KILASNETWORK.COM – Kementerian Pertanian (Kementan) mencatat sebanyak 3.233 hektare lahan padi yang terdampak kekeringan di Kabupaten Lamongan, Jawa Timur, telah berhasil dialiri air hingga 29 Agustus 2026. Upaya tersebut dilakukan untuk mengantisipasi dampak El Nino terhadap lahan pertanian dan menjaga keberlangsungan tanaman padi.

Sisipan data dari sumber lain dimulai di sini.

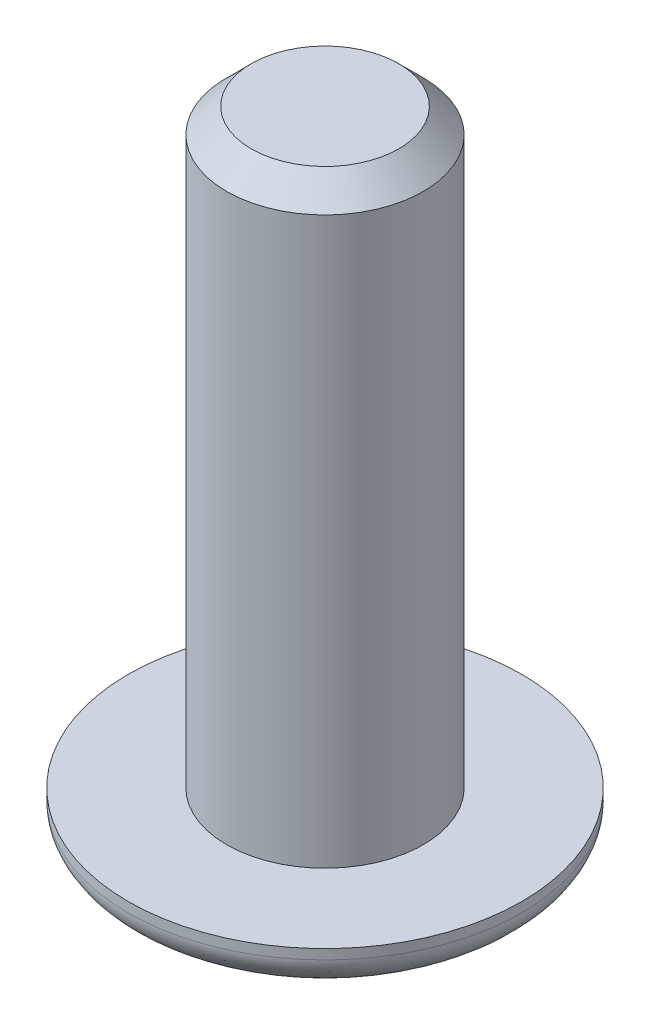
ISO-10303-21;
HEADER;
FILE_DESCRIPTION(('STEP AP214'),'2;1');
FILE_NAME('part.step','',(''),(''),'','','');
FILE_SCHEMA(('AUTOMOTIVE_DESIGN { 1 0 10303 214 1 1 1 1 }'));
ENDSEC;
DATA;
#1=APPLICATION_CONTEXT('core data for automotive mechanical design processes');
#2=APPLICATION_PROTOCOL_DEFINITION('international standard','automotive_design',2000,#1);
#3=PRODUCT_CONTEXT('',#1,'mechanical');
#4=PRODUCT('Part','Part','',(#3));
#5=PRODUCT_RELATED_PRODUCT_CATEGORY('part','',(#4));
#6=PRODUCT_DEFINITION_FORMATION('','',#4);
#7=PRODUCT_DEFINITION_CONTEXT('part definition',#1,'design');
#8=PRODUCT_DEFINITION('design','',#6,#7);
#9=PRODUCT_DEFINITION_SHAPE('','',#8);
#10=(LENGTH_UNIT() NAMED_UNIT(*) SI_UNIT(.MILLI.,.METRE.));
#11=(NAMED_UNIT(*) PLANE_ANGLE_UNIT() SI_UNIT($,.RADIAN.));
#12=(NAMED_UNIT(*) SI_UNIT($,.STERADIAN.) SOLID_ANGLE_UNIT());
#13=UNCERTAINTY_MEASURE_WITH_UNIT(LENGTH_MEASURE(1.E-05),#10,'distance_accuracy_value','');
#14=(GEOMETRIC_REPRESENTATION_CONTEXT(3) GLOBAL_UNCERTAINTY_ASSIGNED_CONTEXT((#13)) GLOBAL_UNIT_ASSIGNED_CONTEXT((#10,
#11,#12)) REPRESENTATION_CONTEXT('',''));
#15=CARTESIAN_POINT('',(0.,0.,0.));
#16=DIRECTION('',(0.,0.,1.));
#17=DIRECTION('',(1.,0.,0.));
#18=AXIS2_PLACEMENT_3D('',#15,#16,#17);
#19=CARTESIAN_POINT('',(0.,1.2,0.));
#20=DIRECTION('',(0.,1.,0.));
#21=DIRECTION('',(0.,0.,1.));
#22=AXIS2_PLACEMENT_3D('',#19,#20,#21);
#23=PLANE('',#22);
#24=CARTESIAN_POINT('',(0.,1.2,0.));
#25=DIRECTION('',(0.,1.,0.));
#26=DIRECTION('',(0.,0.,1.));
#27=AXIS2_PLACEMENT_3D('',#24,#25,#26);
#28=CIRCLE('',#27,2.);
#29=CARTESIAN_POINT('',(0.,1.2,2.));
#30=VERTEX_POINT('',#29);
#31=EDGE_CURVE('E297',#30,#30,#28,.T.);
#32=ORIENTED_EDGE('',*,*,#31,.F.);
#33=EDGE_LOOP('',(#32));
#34=FACE_BOUND('',#33,.T.);
#35=CARTESIAN_POINT('',(0.,1.2,0.));
#36=DIRECTION('',(0.,1.,0.));
#37=DIRECTION('',(0.,0.,1.));
#38=AXIS2_PLACEMENT_3D('',#35,#36,#37);
#39=CIRCLE('',#38,4.);
#40=CARTESIAN_POINT('',(0.,1.2,4.));
#41=VERTEX_POINT('',#40);
#42=EDGE_CURVE('E136',#41,#41,#39,.T.);
#43=ORIENTED_EDGE('',*,*,#42,.T.);
#44=EDGE_LOOP('',(#43));
#45=FACE_BOUND('',#44,.T.);
#46=ADVANCED_FACE('F41',(#34,#45),#23,.T.);
#47=CARTESIAN_POINT('',(0.,0.,0.));
#48=DIRECTION('',(0.,1.,0.));
#49=DIRECTION('',(0.,0.,1.));
#50=AXIS2_PLACEMENT_3D('',#47,#48,#49);
#51=PLANE('',#50);
#52=CARTESIAN_POINT('',(0.,0.,2.));
#53=CARTESIAN_POINT('',(0.261799376890833,0.,2.));
#54=CARTESIAN_POINT('',(0.523495778796538,0.,1.94794534916224));
#55=CARTESIAN_POINT('',(1.00723795066382,0.,1.74757278088291));
#56=CARTESIAN_POINT('',(1.22909344766315,0.,1.59933367708304));
#57=CARTESIAN_POINT('',(1.59933367708304,0.,1.22909344766315));
#58=CARTESIAN_POINT('',(1.74757278088293,0.,1.00723795066385));
#59=CARTESIAN_POINT('',(1.94794534916222,0.,0.52349577879651));
#60=CARTESIAN_POINT('',(2.,0.,0.261799376890842));
#61=CARTESIAN_POINT('',(2.,0.,-0.261799376890842));
#62=CARTESIAN_POINT('',(1.94794534916225,0.,-0.52349577879654));
#63=CARTESIAN_POINT('',(1.7475727808829,0.,-1.00723795066382));
#64=CARTESIAN_POINT('',(1.59933367708301,0.,-1.22909344766318));
#65=CARTESIAN_POINT('',(1.22909344766318,0.,-1.59933367708301));
#66=CARTESIAN_POINT('',(1.00723795066384,0.,-1.74757278088294));
#67=CARTESIAN_POINT('',(0.523495778796522,0.,-1.9479453491622));
#68=CARTESIAN_POINT('',(0.261799376890842,0.,-2.));
#69=CARTESIAN_POINT('',(-0.261799376890842,0.,-2.));
#70=CARTESIAN_POINT('',(-0.523495778796517,0.,-1.94794534916223));
#71=CARTESIAN_POINT('',(-1.00723795066384,0.,-1.74757278088292));
#72=CARTESIAN_POINT('',(-1.22909344766315,0.,-1.59933367708304));
#73=CARTESIAN_POINT('',(-1.59933367708304,0.,-1.22909344766315));
#74=CARTESIAN_POINT('',(-1.74757278088294,0.,-1.00723795066386));
#75=CARTESIAN_POINT('',(-1.94794534916221,0.,-0.523495778796506));
#76=CARTESIAN_POINT('',(-2.,0.,-0.261799376890839));
#77=CARTESIAN_POINT('',(-2.,0.,0.261799376890845));
#78=CARTESIAN_POINT('',(-1.94794534916221,0.,0.523495778796514));
#79=CARTESIAN_POINT('',(-1.74757278088294,0.,1.00723795066384));
#80=CARTESIAN_POINT('',(-1.59933367708301,0.,1.22909344766318));
#81=CARTESIAN_POINT('',(-1.22909344766319,0.,1.599333677083));
#82=CARTESIAN_POINT('',(-1.00723795066384,0.,1.74757278088294));
#83=CARTESIAN_POINT('',(-0.52349577879652,0.,1.94794534916221));
#84=CARTESIAN_POINT('',(-0.261799376890834,0.,2.));
#85=CARTESIAN_POINT('',(0.,0.,2.));
#86=(BOUNDED_CURVE() B_SPLINE_CURVE(3,(#52,#53,#54,#55,#56,#57,#58,#59,#60,#61,#62,#63,#64,#65,
#66,#67,#68,#69,#70,#71,#72,#73,#74,#75,#76,#77,#78,#79,#80,#81,#82,#83,#84,#85),.UNSPECIFIED.,
.T.,.F.) B_SPLINE_CURVE_WITH_KNOTS((4,2,2,2,2,2,2,2,2,2,2,2,2,2,2,2,4),(0.,0.392699081698724,
0.785398163397448,1.17809724509617,1.5707963267949,1.96349540849362,2.35619449019234,
2.74889357189107,3.14159265358979,3.53429173528852,3.92699081698724,4.31968989868597,
4.71238898038469,5.10508806208341,5.49778714378214,5.89048622548086,6.28318530717959),
.UNSPECIFIED.) CURVE() GEOMETRIC_REPRESENTATION_ITEM() RATIONAL_B_SPLINE_CURVE((1.,1.,1.,1.,1.,
1.,1.,1.,1.,1.,1.,1.,1.,1.,1.,1.,1.,1.,1.,1.,1.,1.,1.,1.,1.,1.,1.,1.,1.,1.,1.,1.,1.,1.)) REPRESENTATION_ITEM(''));
#87=CARTESIAN_POINT('',(0.,0.,2.));
#88=VERTEX_POINT('',#87);
#89=EDGE_CURVE('E12',#88,#88,#86,.F.);
#90=ORIENTED_EDGE('',*,*,#89,.T.);
#91=EDGE_LOOP('',(#90));
#92=FACE_BOUND('',#91,.T.);
#93=DIRECTION('',(0.5,0.,-0.866025403784439));
#94=VECTOR('',#93,1.);
#95=CARTESIAN_POINT('',(0.721687836487031,0.,1.25));
#96=LINE('',#95,#94);
#97=CARTESIAN_POINT('',(0.721687836487031,0.,1.25));
#98=VERTEX_POINT('',#97);
#99=CARTESIAN_POINT('',(1.44337567297406,0.,0.));
#100=VERTEX_POINT('',#99);
#101=EDGE_CURVE('E62',#98,#100,#96,.T.);
#102=ORIENTED_EDGE('',*,*,#101,.T.);
#103=DIRECTION('',(-0.5,0.,-0.866025403784439));
#104=VECTOR('',#103,1.);
#105=CARTESIAN_POINT('',(1.44337567297406,0.,0.));
#106=LINE('',#105,#104);
#107=CARTESIAN_POINT('',(0.721687836487031,0.,-1.25));
#108=VERTEX_POINT('',#107);
#109=EDGE_CURVE('E122',#100,#108,#106,.T.);
#110=ORIENTED_EDGE('',*,*,#109,.T.);
#111=DIRECTION('',(-1.,0.,0.));
#112=VECTOR('',#111,1.);
#113=CARTESIAN_POINT('',(0.721687836487031,0.,-1.25));
#114=LINE('',#113,#112);
#115=CARTESIAN_POINT('',(-0.721687836487033,0.,-1.25));
#116=VERTEX_POINT('',#115);
#117=EDGE_CURVE('E120',#108,#116,#114,.T.);
#118=ORIENTED_EDGE('',*,*,#117,.T.);
#119=DIRECTION('',(-0.5,0.,0.866025403784439));
#120=VECTOR('',#119,1.);
#121=CARTESIAN_POINT('',(-0.721687836487033,0.,-1.25));
#122=LINE('',#121,#120);
#123=CARTESIAN_POINT('',(-1.44337567297407,0.,0.));
#124=VERTEX_POINT('',#123);
#125=EDGE_CURVE('E98',#116,#124,#122,.T.);
#126=ORIENTED_EDGE('',*,*,#125,.T.);
#127=DIRECTION('',(0.5,0.,0.866025403784439));
#128=VECTOR('',#127,1.);
#129=CARTESIAN_POINT('',(-1.44337567297407,0.,0.));
#130=LINE('',#129,#128);
#131=CARTESIAN_POINT('',(-0.721687836487033,0.,1.25));
#132=VERTEX_POINT('',#131);
#133=EDGE_CURVE('E109',#124,#132,#130,.T.);
#134=ORIENTED_EDGE('',*,*,#133,.T.);
#135=DIRECTION('',(1.,0.,0.));
#136=VECTOR('',#135,1.);
#137=CARTESIAN_POINT('',(-0.721687836487033,0.,1.25));
#138=LINE('',#137,#136);
#139=EDGE_CURVE('E115',#132,#98,#138,.T.);
#140=ORIENTED_EDGE('',*,*,#139,.T.);
#141=EDGE_LOOP('',(#102,#110,#118,#126,#134,#140));
#142=FACE_BOUND('',#141,.T.);
#143=ADVANCED_FACE('F117',(#92,#142),#51,.F.);
#144=CARTESIAN_POINT('',(0.,1.2,0.));
#145=DIRECTION('',(0.,-1.,0.));
#146=DIRECTION('',(0.,0.,-1.));
#147=AXIS2_PLACEMENT_3D('',#144,#145,#146);
#148=CYLINDRICAL_SURFACE('',#147,4.);
#149=CARTESIAN_POINT('',(0.,1.,4.));
#150=CARTESIAN_POINT('',(-0.523598753781667,1.,4.));
#151=CARTESIAN_POINT('',(-1.04699155759304,1.,3.89589069832441));
#152=CARTESIAN_POINT('',(-2.01447590132769,1.,3.49514556176588));
#153=CARTESIAN_POINT('',(-2.45818689532638,1.,3.198667354166));
#154=CARTESIAN_POINT('',(-3.19866735416602,1.,2.45818689532636));
#155=CARTESIAN_POINT('',(-3.49514556176589,1.,2.01447590132768));
#156=CARTESIAN_POINT('',(-3.89589069832441,1.,1.04699155759303));
#157=CARTESIAN_POINT('',(-4.,1.,0.523598753781691));
#158=CARTESIAN_POINT('',(-4.,1.,-0.523598753781678));
#159=CARTESIAN_POINT('',(-3.89589069832442,1.,-1.04699155759301));
#160=CARTESIAN_POINT('',(-3.49514556176587,1.,-2.01447590132771));
#161=CARTESIAN_POINT('',(-3.19866735416608,1.,-2.4581868953263));
#162=CARTESIAN_POINT('',(-2.4581868953263,1.,-3.19866735416608));
#163=CARTESIAN_POINT('',(-2.01447590132769,1.,-3.49514556176588));
#164=CARTESIAN_POINT('',(-1.04699155759301,1.,-3.89589069832442));
#165=CARTESIAN_POINT('',(-0.523598753781683,1.,-4.));
#166=CARTESIAN_POINT('',(0.523598753781684,1.,-4.));
#167=CARTESIAN_POINT('',(1.04699155759304,1.,-3.89589069832441));
#168=CARTESIAN_POINT('',(2.01447590132768,1.,-3.49514556176588));
#169=CARTESIAN_POINT('',(2.45818689532636,1.,-3.19866735416603));
#170=CARTESIAN_POINT('',(3.19866735416602,1.,-2.45818689532636));
#171=CARTESIAN_POINT('',(3.49514556176589,1.,-2.01447590132768));
#172=CARTESIAN_POINT('',(3.89589069832441,1.,-1.04699155759304));
#173=CARTESIAN_POINT('',(4.,1.,-0.523598753781683));
#174=CARTESIAN_POINT('',(4.,1.,0.523598753781684));
#175=CARTESIAN_POINT('',(3.89589069832442,1.,1.04699155759301));
#176=CARTESIAN_POINT('',(3.49514556176588,1.,2.0144759013277));
#177=CARTESIAN_POINT('',(3.19866735416607,1.,2.45818689532631));
#178=CARTESIAN_POINT('',(2.45818689532631,1.,3.19866735416607));
#179=CARTESIAN_POINT('',(2.01447590132769,1.,3.49514556176588));
#180=CARTESIAN_POINT('',(1.04699155759303,1.,3.89589069832441));
#181=CARTESIAN_POINT('',(0.523598753781667,1.,4.));
#182=CARTESIAN_POINT('',(0.,1.,4.));
#183=(BOUNDED_CURVE() B_SPLINE_CURVE(3,(#149,#150,#151,#152,#153,#154,#155,#156,#157,#158,#159,
#160,#161,#162,#163,#164,#165,#166,#167,#168,#169,#170,#171,#172,#173,#174,#175,#176,#177,#178,
#179,#180,#181,#182),.UNSPECIFIED.,.T.,.F.) B_SPLINE_CURVE_WITH_KNOTS((4,2,2,2,2,2,2,2,2,2,2,2,
2,2,2,2,4),(0.,0.392699081698725,0.785398163397448,1.17809724509617,1.5707963267949,
1.96349540849362,2.35619449019234,2.74889357189107,3.14159265358979,3.53429173528852,
3.92699081698724,4.31968989868597,4.71238898038469,5.10508806208341,5.49778714378214,
5.89048622548086,6.28318530717959),
.UNSPECIFIED.) CURVE() GEOMETRIC_REPRESENTATION_ITEM() RATIONAL_B_SPLINE_CURVE((1.,1.,1.,1.,1.,
1.,1.,1.,1.,1.,1.,1.,1.,1.,1.,1.,1.,1.,1.,1.,1.,1.,1.,1.,1.,1.,1.,1.,1.,1.,1.,1.,1.,1.)) REPRESENTATION_ITEM(''));
#184=CARTESIAN_POINT('',(0.,1.,4.));
#185=VERTEX_POINT('',#184);
#186=EDGE_CURVE('E55',#185,#185,#183,.F.);
#187=ORIENTED_EDGE('',*,*,#186,.T.);
#188=EDGE_LOOP('',(#187));
#189=FACE_BOUND('',#188,.T.);
#190=ORIENTED_EDGE('',*,*,#42,.F.);
#191=EDGE_LOOP('',(#190));
#192=FACE_BOUND('',#191,.T.);
#193=ADVANCED_FACE('F154',(#189,#192),#148,.T.);
#194=CARTESIAN_POINT('',(0.721687836487031,1.2,1.25));
#195=DIRECTION('',(-0.866025403784439,0.,-0.5));
#196=DIRECTION('',(-0.5,0.,0.866025403784439));
#197=AXIS2_PLACEMENT_3D('',#194,#195,#196);
#198=PLANE('',#197);
#199=ORIENTED_EDGE('',*,*,#101,.F.);
#200=DIRECTION('',(0.,-1.,0.));
#201=VECTOR('',#200,1.);
#202=CARTESIAN_POINT('',(0.721687836487031,1.2,1.25));
#203=LINE('',#202,#201);
#204=CARTESIAN_POINT('',(0.721687836487031,1.2,1.25));
#205=VERTEX_POINT('',#204);
#206=EDGE_CURVE('E127',#205,#98,#203,.T.);
#207=ORIENTED_EDGE('',*,*,#206,.F.);
#208=DIRECTION('',(0.5,0.,-0.866025403784439));
#209=VECTOR('',#208,1.);
#210=CARTESIAN_POINT('',(0.721687836487031,1.2,1.25));
#211=LINE('',#210,#209);
#212=CARTESIAN_POINT('',(1.44337567297406,1.2,0.));
#213=VERTEX_POINT('',#212);
#214=EDGE_CURVE('E71',#205,#213,#211,.T.);
#215=ORIENTED_EDGE('',*,*,#214,.T.);
#216=DIRECTION('',(0.,-1.,0.));
#217=VECTOR('',#216,1.);
#218=CARTESIAN_POINT('',(1.44337567297406,1.2,0.));
#219=LINE('',#218,#217);
#220=EDGE_CURVE('E134',#213,#100,#219,.T.);
#221=ORIENTED_EDGE('',*,*,#220,.T.);
#222=EDGE_LOOP('',(#199,#207,#215,#221));
#223=FACE_BOUND('',#222,.T.);
#224=ADVANCED_FACE('F163',(#223),#198,.T.);
#225=CARTESIAN_POINT('',(1.44337567297406,1.2,0.));
#226=DIRECTION('',(-0.866025403784439,0.,0.5));
#227=DIRECTION('',(0.5,0.,0.866025403784439));
#228=AXIS2_PLACEMENT_3D('',#225,#226,#227);
#229=PLANE('',#228);
#230=ORIENTED_EDGE('',*,*,#109,.F.);
#231=ORIENTED_EDGE('',*,*,#220,.F.);
#232=DIRECTION('',(-0.5,0.,-0.866025403784439));
#233=VECTOR('',#232,1.);
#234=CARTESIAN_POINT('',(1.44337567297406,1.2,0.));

Dari total 3.450 hektare lahan padi yang terdampak kekeringan di tujuh kecamatan, masih terdapat 217 hektare yang dalam proses penanganan.
Penanganan dilakukan melalui optimalisasi pompanisasi serta normalisasi saluran irigasi. Langkah tersebut ditujukan untuk memastikan ketersediaan air bagi tanaman padi di tengah kondisi cuaca kering.
Kecamatan Kalitengah menjadi salah satu wilayah dengan luasan lahan terdampak yang telah mendapatkan penanganan. Dari 1.855 hektare lahan padi berusia nol hingga 40 hari setelah tanam (HST), seluruhnya telah berhasil dialiri air.
Penanganan juga telah tuntas di Kecamatan Karang Binangun. Sebanyak 248 hektare lahan padi berusia 30 hingga 40 HST di wilayah tersebut telah mendapatkan aliran air.
Kondisi serupa terjadi di Kecamatan Glagah. Sebanyak 15 hektare lahan padi berusia 46 hingga 60 HST yang terdampak kekeringan telah berhasil dialiri.
Sementara itu, di Kecamatan Deket, dari total 397 hektare lahan terdampak, sebanyak 380 hektare telah mendapatkan aliran air. Sebanyak 17 hektare lainnya masih dalam proses penanganan.
Kecamatan Turi menjadi wilayah dengan lahan terdampak yang masih membutuhkan penanganan cukup besar. Dari total 791 hektare lahan terdampak, sebanyak 622 hektare telah berhasil dialiri, sedangkan 169 hektare masih dalam proses penanganan.
Di Kecamatan Sugio, dari 94 hektare lahan terdampak, sebanyak 63 hektare telah teraliri air. Sementara 31 hektare lainnya masih membutuhkan penanganan lanjutan.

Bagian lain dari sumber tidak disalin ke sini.